§ What to produce
Leave out the pictures and give back all the entries exactly as written.

§ Exercise material
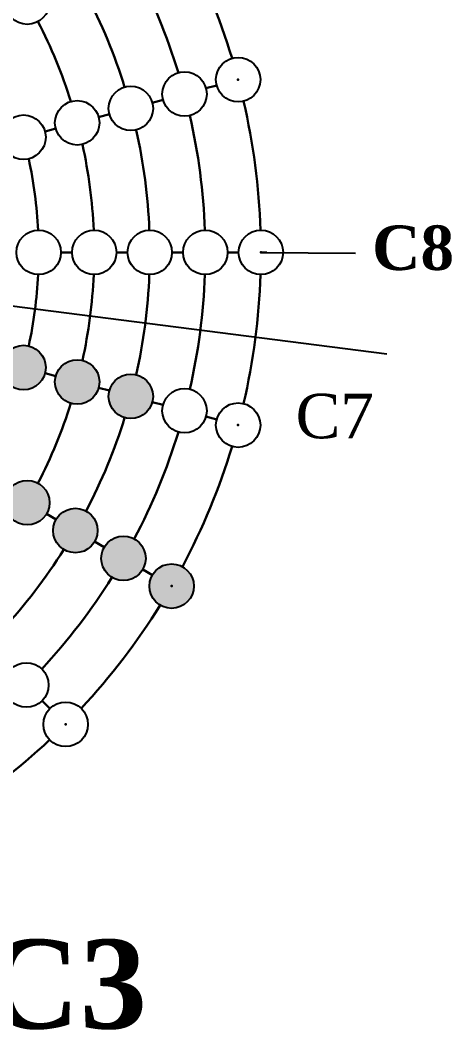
# Model space of a CAD drawing. Header units: inches. Extents: x 53 to 275, y 28 to 179.
# Drawn here: x 205.67 to 215.38, y 29.78 to 52.46 of the extents above; entities that cross this region are included whole.
import ezdxf

# ---------------------------------------------------------------- set-up
doc = ezdxf.new("R2010")
doc.units = ezdxf.units.IN
doc.header["$MEASUREMENT"] = 0

msp = doc.modelspace()

# ---------------------------------------------------------------- hatches: boundary and pattern name
h = msp.add_hatch(color=4)
h.set_gradient(color1=(242, 238, 13), color2=(243, 240, 32), one_color=1, tint=0.54)
h.paths.add_polyline_path([(209.574, 39.746, 1), (208.574, 39.746, 1)])
h.paths.add_polyline_path([(208.491, 40.371, 1), (207.491, 40.371, 1)])
h.paths.add_polyline_path([(207.409, 40.996, 1), (206.409, 40.996, 1)])
h.paths.add_polyline_path([(206.326, 41.621, 1), (205.326, 41.621, 1)])
h.paths.add_polyline_path([(205.244, 42.246, 1), (204.244, 42.246, 1)])
h.paths.add_polyline_path([(204.161, 42.871, 1), (203.161, 42.871, 1)])
h.paths.add_polyline_path([(203.078, 43.496, 1), (202.078, 43.496, 1)])
h.paths.add_polyline_path([(201.996, 44.121, 1), (200.996, 44.121, 1)])
h.paths.add_polyline_path([(208.657, 44.011, 1), (207.657, 44.011, 1)])
h.paths.add_polyline_path([(207.45, 44.335, 1), (206.45, 44.335, 1)])
h.paths.add_polyline_path([(206.243, 44.658, 1), (205.243, 44.658, 1)])
h.paths.add_polyline_path([(205.035, 44.982, 1), (204.035, 44.982, 1)])
h.paths.add_polyline_path([(203.828, 45.305, 1), (202.828, 45.305, 1)])
h.paths.add_polyline_path([(202.62, 45.629, 1), (201.62, 45.629, 1)])
h.paths.add_polyline_path([(201.003, 42.827, 1), (200.003, 42.827, 1)])
h.paths.add_polyline_path([(201.887, 41.943, 1), (200.887, 41.943, 1)])
h.paths.add_polyline_path([(202.77, 41.059, 1), (201.77, 41.059, 1)])
h.paths.add_polyline_path([(203.654, 40.175, 1), (202.654, 40.175, 1)])
h.paths.add_polyline_path([(204.538, 39.291, 1), (203.538, 39.291, 1)])
h.paths.add_polyline_path([(205.422, 38.407, 1), (204.422, 38.407, 1)])

# ---------------------------------------------------------------- linework, layer by layer
at = {"lineweight": 30}
for p, q in [((209.848, 50.934), (210.089, 50.999)), ((208.64, 50.611), (208.882, 50.676)), ((207.433, 50.287), (207.674, 50.352)), ((206.226, 49.964), (206.467, 50.029)), ((206.583, 47.246), (206.833, 47.246)), ((207.833, 47.246), (208.083, 47.246)), ((209.083, 47.246), (209.333, 47.246)), ((210.333, 47.246), (210.583, 47.246)), ((211.083, 47.246), (211.22, 47.246)), ((206.467, 44.464), (206.226, 44.529)), ((207.674, 44.14), (207.433, 44.205)), ((208.882, 43.817), (208.64, 43.882)), ((210.089, 43.493), (209.848, 43.558)), ((206.476, 41.246), (206.259, 41.371)), ((207.558, 40.621), (207.342, 40.746)), ((208.641, 39.996), (208.424, 40.121)), ((206.16, 37.17), (206.336, 36.993))]:
    msp.add_line(p, q, dxfattribs=at)
at = {"color": 1}
msp.add_line((196.083, 47.246), (213.914, 44.965), dxfattribs=at)
at = {"color": 4}
msp.add_line((211.083, 47.246), (213.213, 47.229), dxfattribs=at)
for centre in [(205.826, 52.871), (210.572, 51.129), (209.365, 50.805), (208.157, 50.482), (206.95, 50.158), (205.743, 49.835), (206.083, 47.246), (207.333, 47.246), (208.583, 47.246), (209.833, 47.246), (211.083, 47.246), (205.743, 44.658), (206.95, 44.335), (208.157, 44.011), (209.365, 43.688), (210.572, 43.364), (205.826, 41.621), (206.909, 40.996), (207.991, 40.371), (209.074, 39.746), (205.806, 37.524), (206.69, 36.64)]:
    msp.add_circle(centre, 0.5, dxfattribs=at)
at = {"lineweight": 30}
for radius, start, end in [(15, 16.9099, 28.0901), (13.75, 17.0836, 27.9164), (12.5, 17.292, 27.708), (11.25, 17.5467, 27.4533), (15, 1.9099, 13.0901), (13.75, 2.0836, 12.9164), (12.5, 2.292, 12.708), (11.25, 2.5467, 12.4533), (10, 2.8651, 12.1349), (10, 347.8651, 357.1349), (11.25, 347.5467, 357.4533), (12.5, 347.292, 357.708), (13.75, 347.0836, 357.9164), (15, 346.9099, 358.0901), (11.25, 332.5467, 342.4533), (12.5, 332.292, 342.708), (13.75, 332.0836, 342.9164), (15, 331.9099, 343.0901), (12.5, 317.292, 327.708), (13.75, 317.0836, 327.9164), (15, 316.9099, 328.0901), (15, 301.9099, 313.0901)]:
    msp.add_arc((196.083, 47.246), radius, start, end, dxfattribs=at)
for p in [(210.572, 51.129), (211.083, 47.246), (210.572, 43.364), (209.074, 39.746), (206.69, 36.64)]:
    msp.add_point(p, dxfattribs=at)

# ---------------------------------------------------------------- texts
at = {"color": 1, "attachment_point": 1}
for s, insert, char_height, width in [('{\\fTimes New Roman|b1|i0|c0|p18;C8}', (213.584, 47.851), 1, 4.35852), ('{\\fTimes New Roman|b0|i0|c0|p18;C7}', (211.865, 44.07), 1, 3.32889), ('{\\fTimes New Roman|b1|i0|c0|p18;CC3}', (202.647, 31.805), 2, 6.67539)]:
    msp.add_mtext(s, dxfattribs=dict(at, insert=insert, char_height=char_height, width=width))

doc.saveas('drawing.dxf')

§ Written response
# Model space of a CAD drawing. Header units: inches. Extents: x 53 to 275, y 28 to 179.
# Drawn here: x 205.67 to 215.38, y 29.78 to 52.46 of the extents above; entities that cross this region are included whole.
import ezdxf

# ---------------------------------------------------------------- set-up
doc = ezdxf.new("R2010")
doc.units = ezdxf.units.IN
doc.header["$MEASUREMENT"] = 0

msp = doc.modelspace()

# ---------------------------------------------------------------- hatches: boundary and pattern name
h = msp.add_hatch(color=4)
h.set_gradient(color1=(242, 238, 13), color2=(243, 240, 32), one_color=1, tint=0.54)
h.paths.add_polyline_path([(209.574, 39.746, 1), (208.574, 39.746, 1)])
h.paths.add_polyline_path([(208.491, 40.371, 1), (207.491, 40.371, 1)])
h.paths.add_polyline_path([(207.409, 40.996, 1), (206.409, 40.996, 1)])
h.paths.add_polyline_path([(206.326, 41.621, 1), (205.326, 41.621, 1)])
h.paths.add_polyline_path([(205.244, 42.246, 1), (204.244, 42.246, 1)])
h.paths.add_polyline_path([(204.161, 42.871, 1), (203.161, 42.871, 1)])
h.paths.add_polyline_path([(203.078, 43.496, 1), (202.078, 43.496, 1)])
h.paths.add_polyline_path([(201.996, 44.121, 1), (200.996, 44.121, 1)])
h.paths.add_polyline_path([(208.657, 44.011, 1), (207.657, 44.011, 1)])
h.paths.add_polyline_path([(207.45, 44.335, 1), (206.45, 44.335, 1)])
h.paths.add_polyline_path([(206.243, 44.658, 1), (205.243, 44.658, 1)])
h.paths.add_polyline_path([(205.035, 44.982, 1), (204.035, 44.982, 1)])
h.paths.add_polyline_path([(203.828, 45.305, 1), (202.828, 45.305, 1)])
h.paths.add_polyline_path([(202.62, 45.629, 1), (201.62, 45.629, 1)])
h.paths.add_polyline_path([(201.003, 42.827, 1), (200.003, 42.827, 1)])
h.paths.add_polyline_path([(201.887, 41.943, 1), (200.887, 41.943, 1)])
h.paths.add_polyline_path([(202.77, 41.059, 1), (201.77, 41.059, 1)])
h.paths.add_polyline_path([(203.654, 40.175, 1), (202.654, 40.175, 1)])
h.paths.add_polyline_path([(204.538, 39.291, 1), (203.538, 39.291, 1)])
h.paths.add_polyline_path([(205.422, 38.407, 1), (204.422, 38.407, 1)])

# ---------------------------------------------------------------- linework, layer by layer
at = {"lineweight": 30}
for p, q in [((209.848, 50.934), (210.089, 50.999)), ((208.64, 50.611), (208.882, 50.676)), ((207.433, 50.287), (207.674, 50.352)), ((206.226, 49.964), (206.467, 50.029)), ((206.583, 47.246), (206.833, 47.246)), ((207.833, 47.246), (208.083, 47.246)), ((209.083, 47.246), (209.333, 47.246)), ((210.333, 47.246), (210.583, 47.246)), ((211.083, 47.246), (211.22, 47.246)), ((206.467, 44.464), (206.226, 44.529)), ((207.674, 44.14), (207.433, 44.205)), ((208.882, 43.817), (208.64, 43.882)), ((210.089, 43.493), (209.848, 43.558)), ((206.476, 41.246), (206.259, 41.371)), ((207.558, 40.621), (207.342, 40.746)), ((208.641, 39.996), (208.424, 40.121)), ((206.16, 37.17), (206.336, 36.993))]:
    msp.add_line(p, q, dxfattribs=at)
at = {"color": 1}
msp.add_line((196.083, 47.246), (213.914, 44.965), dxfattribs=at)
at = {"color": 4}
msp.add_line((211.083, 47.246), (213.213, 47.229), dxfattribs=at)
for centre in [(205.826, 52.871), (210.572, 51.129), (209.365, 50.805), (208.157, 50.482), (206.95, 50.158), (205.743, 49.835), (206.083, 47.246), (207.333, 47.246), (208.583, 47.246), (209.833, 47.246), (211.083, 47.246), (205.743, 44.658), (206.95, 44.335), (208.157, 44.011), (209.365, 43.688), (210.572, 43.364), (205.826, 41.621), (206.909, 40.996), (207.991, 40.371), (209.074, 39.746), (205.806, 37.524), (206.69, 36.64)]:
    msp.add_circle(centre, 0.5, dxfattribs=at)
at = {"lineweight": 30}
for radius, start, end in [(15, 16.9099, 28.0901), (13.75, 17.0836, 27.9164), (12.5, 17.292, 27.708), (11.25, 17.5467, 27.4533), (15, 1.9099, 13.0901), (13.75, 2.0836, 12.9164), (12.5, 2.292, 12.708), (11.25, 2.5467, 12.4533), (10, 2.8651, 12.1349), (10, 347.8651, 357.1349), (11.25, 347.5467, 357.4533), (12.5, 347.292, 357.708), (13.75, 347.0836, 357.9164), (15, 346.9099, 358.0901), (11.25, 332.5467, 342.4533), (12.5, 332.292, 342.708), (13.75, 332.0836, 342.9164), (15, 331.9099, 343.0901), (12.5, 317.292, 327.708), (13.75, 317.0836, 327.9164), (15, 316.9099, 328.0901), (15, 301.9099, 313.0901)]:
    msp.add_arc((196.083, 47.246), radius, start, end, dxfattribs=at)
for p in [(210.572, 51.129), (211.083, 47.246), (210.572, 43.364), (209.074, 39.746), (206.69, 36.64)]:
    msp.add_point(p, dxfattribs=at)

# ---------------------------------------------------------------- texts
at = {"color": 1, "attachment_point": 1}
for s, insert, char_height, width in [('{\\fTimes New Roman|b1|i0|c0|p18;C8}', (213.584, 47.851), 1, 4.35852), ('{\\fTimes New Roman|b0|i0|c0|p18;C7}', (211.865, 44.07), 1, 3.32889), ('{\\fTimes New Roman|b1|i0|c0|p18;CC3}', (202.647, 31.805), 2, 6.67539)]:
    msp.add_mtext(s, dxfattribs=dict(at, insert=insert, char_height=char_height, width=width))

doc.saveas('drawing.dxf')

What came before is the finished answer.